* [PROMPT]: The output should consist solely of the line containing "#99=DIRECTION('',(0.,-1.,0.));" and the lines that follow it through the end of the data below.

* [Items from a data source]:
>>

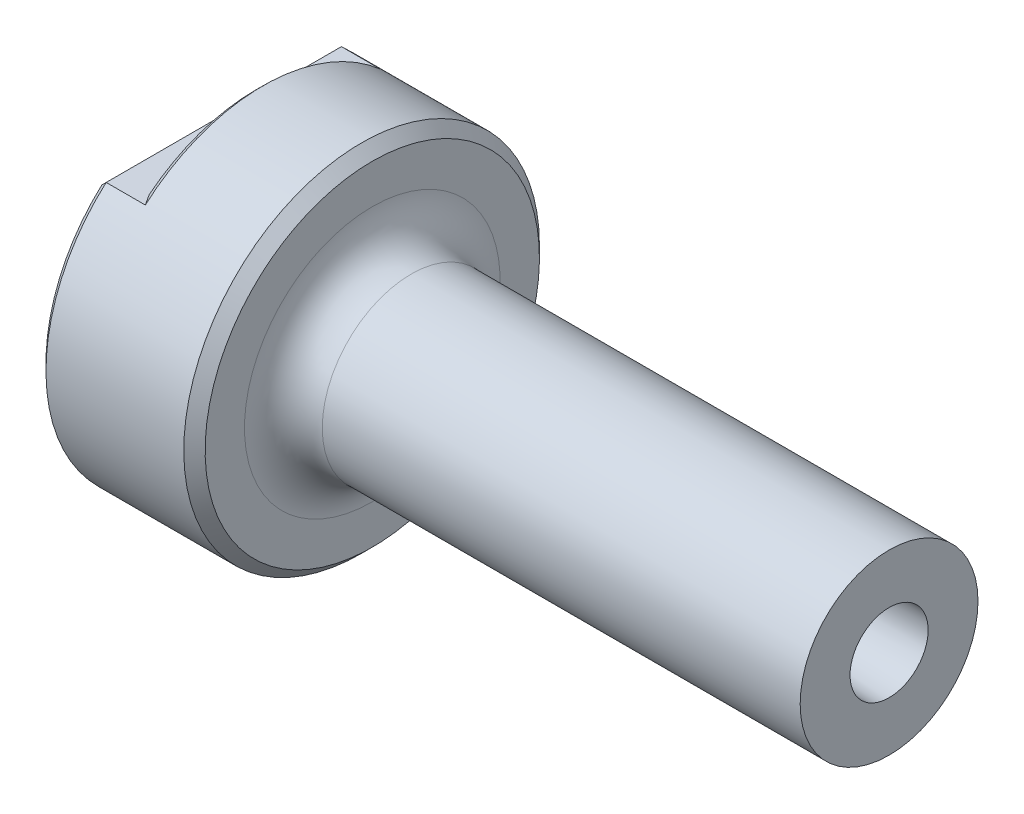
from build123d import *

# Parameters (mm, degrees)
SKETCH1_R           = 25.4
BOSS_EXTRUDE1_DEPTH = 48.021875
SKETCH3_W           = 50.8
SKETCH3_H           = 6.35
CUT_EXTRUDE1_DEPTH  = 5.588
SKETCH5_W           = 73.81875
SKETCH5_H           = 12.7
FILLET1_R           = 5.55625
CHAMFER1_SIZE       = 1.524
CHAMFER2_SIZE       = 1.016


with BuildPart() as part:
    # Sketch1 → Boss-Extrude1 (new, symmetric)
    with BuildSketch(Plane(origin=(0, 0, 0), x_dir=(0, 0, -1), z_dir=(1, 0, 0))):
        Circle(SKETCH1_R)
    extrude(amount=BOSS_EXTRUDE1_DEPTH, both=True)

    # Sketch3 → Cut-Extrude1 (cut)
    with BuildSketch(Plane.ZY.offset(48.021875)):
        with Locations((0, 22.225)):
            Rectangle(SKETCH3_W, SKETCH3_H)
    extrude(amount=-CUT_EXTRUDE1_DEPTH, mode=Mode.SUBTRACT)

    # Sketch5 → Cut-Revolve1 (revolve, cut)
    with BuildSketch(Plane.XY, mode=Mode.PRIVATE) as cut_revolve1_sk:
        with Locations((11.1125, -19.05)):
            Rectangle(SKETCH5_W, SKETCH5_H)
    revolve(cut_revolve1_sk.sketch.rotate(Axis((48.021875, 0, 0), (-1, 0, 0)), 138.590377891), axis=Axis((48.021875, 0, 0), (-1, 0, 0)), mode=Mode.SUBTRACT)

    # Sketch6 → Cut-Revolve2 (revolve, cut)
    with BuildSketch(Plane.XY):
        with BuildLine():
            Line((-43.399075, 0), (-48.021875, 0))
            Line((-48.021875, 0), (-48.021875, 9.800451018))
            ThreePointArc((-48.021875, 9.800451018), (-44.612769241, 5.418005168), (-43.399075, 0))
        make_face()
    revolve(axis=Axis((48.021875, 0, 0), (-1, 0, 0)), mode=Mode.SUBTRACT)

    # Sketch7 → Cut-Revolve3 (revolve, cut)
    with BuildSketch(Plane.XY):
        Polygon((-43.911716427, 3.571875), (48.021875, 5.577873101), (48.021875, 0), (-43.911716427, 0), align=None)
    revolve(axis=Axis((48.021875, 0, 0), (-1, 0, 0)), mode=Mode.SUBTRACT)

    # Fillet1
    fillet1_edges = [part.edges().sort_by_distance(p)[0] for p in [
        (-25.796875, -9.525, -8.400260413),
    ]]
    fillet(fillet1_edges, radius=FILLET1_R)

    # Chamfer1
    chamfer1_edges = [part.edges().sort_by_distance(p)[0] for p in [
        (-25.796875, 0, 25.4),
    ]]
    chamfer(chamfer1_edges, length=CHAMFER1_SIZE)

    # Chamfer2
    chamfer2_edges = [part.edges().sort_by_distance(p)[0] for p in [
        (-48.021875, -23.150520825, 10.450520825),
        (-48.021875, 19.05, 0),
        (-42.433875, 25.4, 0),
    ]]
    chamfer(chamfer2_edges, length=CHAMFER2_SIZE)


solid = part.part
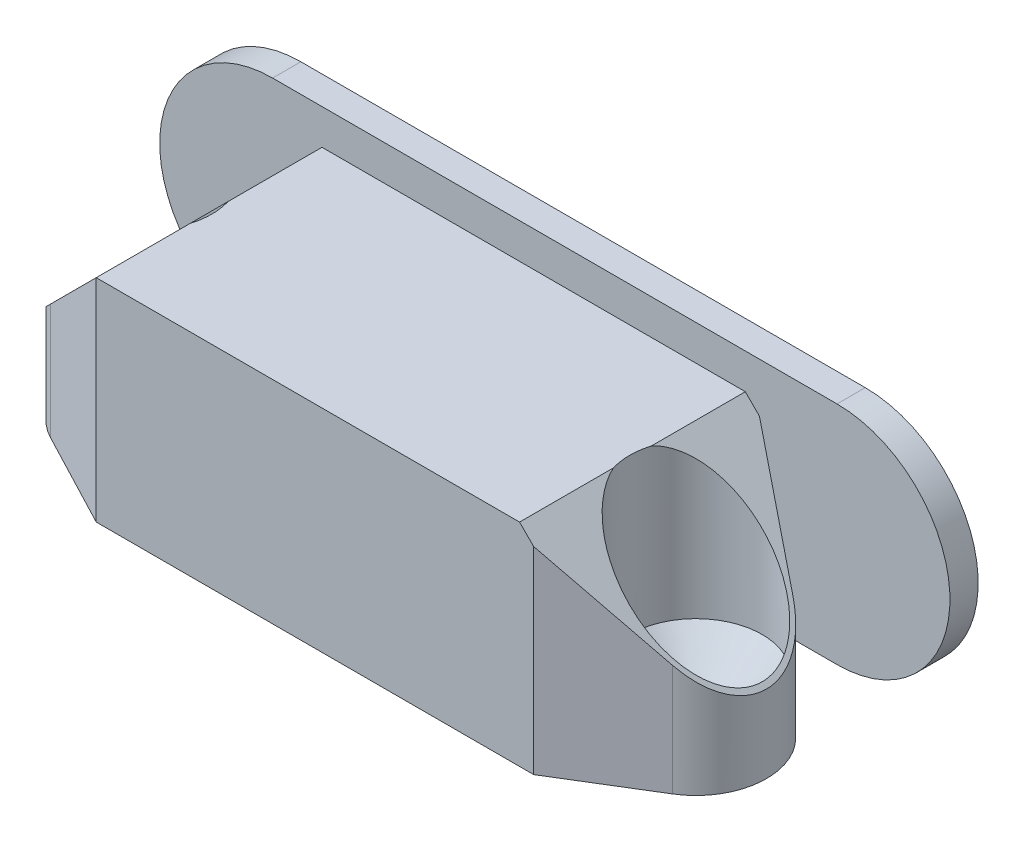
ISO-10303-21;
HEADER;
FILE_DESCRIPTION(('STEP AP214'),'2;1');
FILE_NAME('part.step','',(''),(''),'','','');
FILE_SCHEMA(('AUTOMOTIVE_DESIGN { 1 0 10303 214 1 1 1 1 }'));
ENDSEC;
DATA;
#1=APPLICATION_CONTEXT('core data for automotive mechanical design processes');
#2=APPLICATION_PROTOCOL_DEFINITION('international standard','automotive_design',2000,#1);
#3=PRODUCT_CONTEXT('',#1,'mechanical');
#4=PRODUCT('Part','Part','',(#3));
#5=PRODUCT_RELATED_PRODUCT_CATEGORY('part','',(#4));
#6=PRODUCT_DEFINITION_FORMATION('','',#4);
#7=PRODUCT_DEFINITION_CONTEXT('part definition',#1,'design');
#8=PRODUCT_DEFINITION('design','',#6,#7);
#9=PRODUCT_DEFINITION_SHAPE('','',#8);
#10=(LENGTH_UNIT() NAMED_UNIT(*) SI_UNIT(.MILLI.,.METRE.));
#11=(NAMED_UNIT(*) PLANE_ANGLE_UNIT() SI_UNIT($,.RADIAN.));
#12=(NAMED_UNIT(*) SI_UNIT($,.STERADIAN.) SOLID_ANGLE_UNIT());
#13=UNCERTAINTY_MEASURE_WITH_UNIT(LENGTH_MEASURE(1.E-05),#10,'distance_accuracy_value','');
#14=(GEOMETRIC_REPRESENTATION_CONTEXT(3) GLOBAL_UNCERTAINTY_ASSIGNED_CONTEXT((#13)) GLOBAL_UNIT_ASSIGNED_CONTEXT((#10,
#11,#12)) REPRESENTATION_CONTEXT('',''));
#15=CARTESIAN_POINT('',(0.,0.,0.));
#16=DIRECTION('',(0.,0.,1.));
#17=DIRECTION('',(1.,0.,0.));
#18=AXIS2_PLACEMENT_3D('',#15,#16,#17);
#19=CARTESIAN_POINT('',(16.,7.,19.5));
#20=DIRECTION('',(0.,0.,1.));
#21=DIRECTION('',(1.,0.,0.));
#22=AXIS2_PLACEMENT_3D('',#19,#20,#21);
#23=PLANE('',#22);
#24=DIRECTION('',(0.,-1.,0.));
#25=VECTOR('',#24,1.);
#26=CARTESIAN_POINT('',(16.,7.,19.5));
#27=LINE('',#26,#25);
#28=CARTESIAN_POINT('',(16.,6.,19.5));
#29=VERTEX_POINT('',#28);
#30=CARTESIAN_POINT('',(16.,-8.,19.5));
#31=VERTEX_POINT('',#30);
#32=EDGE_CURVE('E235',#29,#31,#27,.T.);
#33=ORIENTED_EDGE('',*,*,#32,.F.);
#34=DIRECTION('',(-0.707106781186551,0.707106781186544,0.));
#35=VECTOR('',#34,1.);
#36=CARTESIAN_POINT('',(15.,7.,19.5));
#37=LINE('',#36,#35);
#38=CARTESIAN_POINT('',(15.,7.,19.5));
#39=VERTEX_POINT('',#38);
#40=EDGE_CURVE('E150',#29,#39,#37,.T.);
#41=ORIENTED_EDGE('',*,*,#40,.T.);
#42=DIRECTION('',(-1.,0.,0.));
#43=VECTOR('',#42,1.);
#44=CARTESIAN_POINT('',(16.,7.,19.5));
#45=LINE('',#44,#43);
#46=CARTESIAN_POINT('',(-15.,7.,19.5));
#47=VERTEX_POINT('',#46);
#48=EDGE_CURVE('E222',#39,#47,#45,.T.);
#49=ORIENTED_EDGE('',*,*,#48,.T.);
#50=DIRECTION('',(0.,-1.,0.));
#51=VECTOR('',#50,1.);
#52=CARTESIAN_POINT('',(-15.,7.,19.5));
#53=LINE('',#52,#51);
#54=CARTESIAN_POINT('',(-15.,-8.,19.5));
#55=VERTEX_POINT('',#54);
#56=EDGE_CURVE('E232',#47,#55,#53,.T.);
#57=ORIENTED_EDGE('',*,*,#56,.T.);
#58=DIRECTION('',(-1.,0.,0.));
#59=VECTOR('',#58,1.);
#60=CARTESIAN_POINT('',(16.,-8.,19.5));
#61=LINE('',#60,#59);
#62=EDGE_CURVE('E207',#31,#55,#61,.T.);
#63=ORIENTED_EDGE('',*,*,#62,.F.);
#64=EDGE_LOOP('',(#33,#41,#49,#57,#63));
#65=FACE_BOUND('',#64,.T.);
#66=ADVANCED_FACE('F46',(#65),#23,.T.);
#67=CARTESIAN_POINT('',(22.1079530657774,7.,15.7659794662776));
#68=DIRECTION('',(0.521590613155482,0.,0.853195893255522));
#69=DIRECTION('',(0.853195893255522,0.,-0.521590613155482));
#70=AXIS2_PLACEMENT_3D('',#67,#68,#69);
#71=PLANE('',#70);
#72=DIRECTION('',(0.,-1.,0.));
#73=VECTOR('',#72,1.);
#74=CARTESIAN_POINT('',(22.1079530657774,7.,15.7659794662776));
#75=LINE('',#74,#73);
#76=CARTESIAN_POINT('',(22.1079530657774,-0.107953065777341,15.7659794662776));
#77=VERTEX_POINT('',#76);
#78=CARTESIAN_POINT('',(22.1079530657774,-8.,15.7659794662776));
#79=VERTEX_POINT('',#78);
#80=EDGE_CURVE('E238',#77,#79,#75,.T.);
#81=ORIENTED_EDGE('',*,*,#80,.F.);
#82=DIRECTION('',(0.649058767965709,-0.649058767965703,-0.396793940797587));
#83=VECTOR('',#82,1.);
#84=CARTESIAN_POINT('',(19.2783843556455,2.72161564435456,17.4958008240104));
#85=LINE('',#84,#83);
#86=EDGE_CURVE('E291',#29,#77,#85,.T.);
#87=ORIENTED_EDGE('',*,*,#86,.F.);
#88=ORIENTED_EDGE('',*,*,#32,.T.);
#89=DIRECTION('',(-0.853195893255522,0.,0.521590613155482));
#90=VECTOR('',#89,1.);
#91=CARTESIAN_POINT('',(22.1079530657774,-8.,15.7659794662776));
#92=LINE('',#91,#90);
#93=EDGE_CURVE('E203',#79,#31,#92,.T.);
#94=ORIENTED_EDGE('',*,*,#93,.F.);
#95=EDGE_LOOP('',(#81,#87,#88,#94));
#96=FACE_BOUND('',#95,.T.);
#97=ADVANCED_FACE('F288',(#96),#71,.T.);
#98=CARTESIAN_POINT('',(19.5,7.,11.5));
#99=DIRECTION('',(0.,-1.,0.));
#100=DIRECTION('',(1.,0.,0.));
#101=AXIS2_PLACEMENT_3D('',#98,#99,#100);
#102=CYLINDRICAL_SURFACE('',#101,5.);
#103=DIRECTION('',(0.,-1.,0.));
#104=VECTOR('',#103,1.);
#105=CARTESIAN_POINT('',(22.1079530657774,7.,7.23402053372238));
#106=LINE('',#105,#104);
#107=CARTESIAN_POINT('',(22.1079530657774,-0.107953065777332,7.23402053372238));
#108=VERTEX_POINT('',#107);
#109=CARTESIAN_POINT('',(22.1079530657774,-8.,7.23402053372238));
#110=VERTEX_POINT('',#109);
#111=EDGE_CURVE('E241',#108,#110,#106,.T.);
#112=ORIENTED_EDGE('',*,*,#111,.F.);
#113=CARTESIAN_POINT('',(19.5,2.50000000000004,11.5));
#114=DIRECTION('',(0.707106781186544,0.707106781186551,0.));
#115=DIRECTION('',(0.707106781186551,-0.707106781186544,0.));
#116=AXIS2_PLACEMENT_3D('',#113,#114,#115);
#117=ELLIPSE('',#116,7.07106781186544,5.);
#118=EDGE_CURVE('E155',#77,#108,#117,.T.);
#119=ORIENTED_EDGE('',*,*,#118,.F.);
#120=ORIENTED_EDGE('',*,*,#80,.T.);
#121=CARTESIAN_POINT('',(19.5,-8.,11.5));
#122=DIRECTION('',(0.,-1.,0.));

<<

* [SOLUTION FOR THIS TASK]:
#99=DIRECTION('',(0.,-1.,0.));
#100=DIRECTION('',(1.,0.,0.));
#101=AXIS2_PLACEMENT_3D('',#98,#99,#100);
#102=CYLINDRICAL_SURFACE('',#101,5.);
#103=DIRECTION('',(0.,-1.,0.));
#104=VECTOR('',#103,1.);
#105=CARTESIAN_POINT('',(22.1079530657774,7.,7.23402053372238));
#106=LINE('',#105,#104);
#107=CARTESIAN_POINT('',(22.1079530657774,-0.107953065777332,7.23402053372238));
#108=VERTEX_POINT('',#107);
#109=CARTESIAN_POINT('',(22.1079530657774,-8.,7.23402053372238));
#110=VERTEX_POINT('',#109);
#111=EDGE_CURVE('E241',#108,#110,#106,.T.);
#112=ORIENTED_EDGE('',*,*,#111,.F.);
#113=CARTESIAN_POINT('',(19.5,2.50000000000004,11.5));
#114=DIRECTION('',(0.707106781186544,0.707106781186551,0.));
#115=DIRECTION('',(0.707106781186551,-0.707106781186544,0.));
#116=AXIS2_PLACEMENT_3D('',#113,#114,#115);
#117=ELLIPSE('',#116,7.07106781186544,5.);
#118=EDGE_CURVE('E155',#77,#108,#117,.T.);
#119=ORIENTED_EDGE('',*,*,#118,.F.);
#120=ORIENTED_EDGE('',*,*,#80,.T.);
#121=CARTESIAN_POINT('',(19.5,-8.,11.5));
#122=DIRECTION('',(0.,-1.,0.));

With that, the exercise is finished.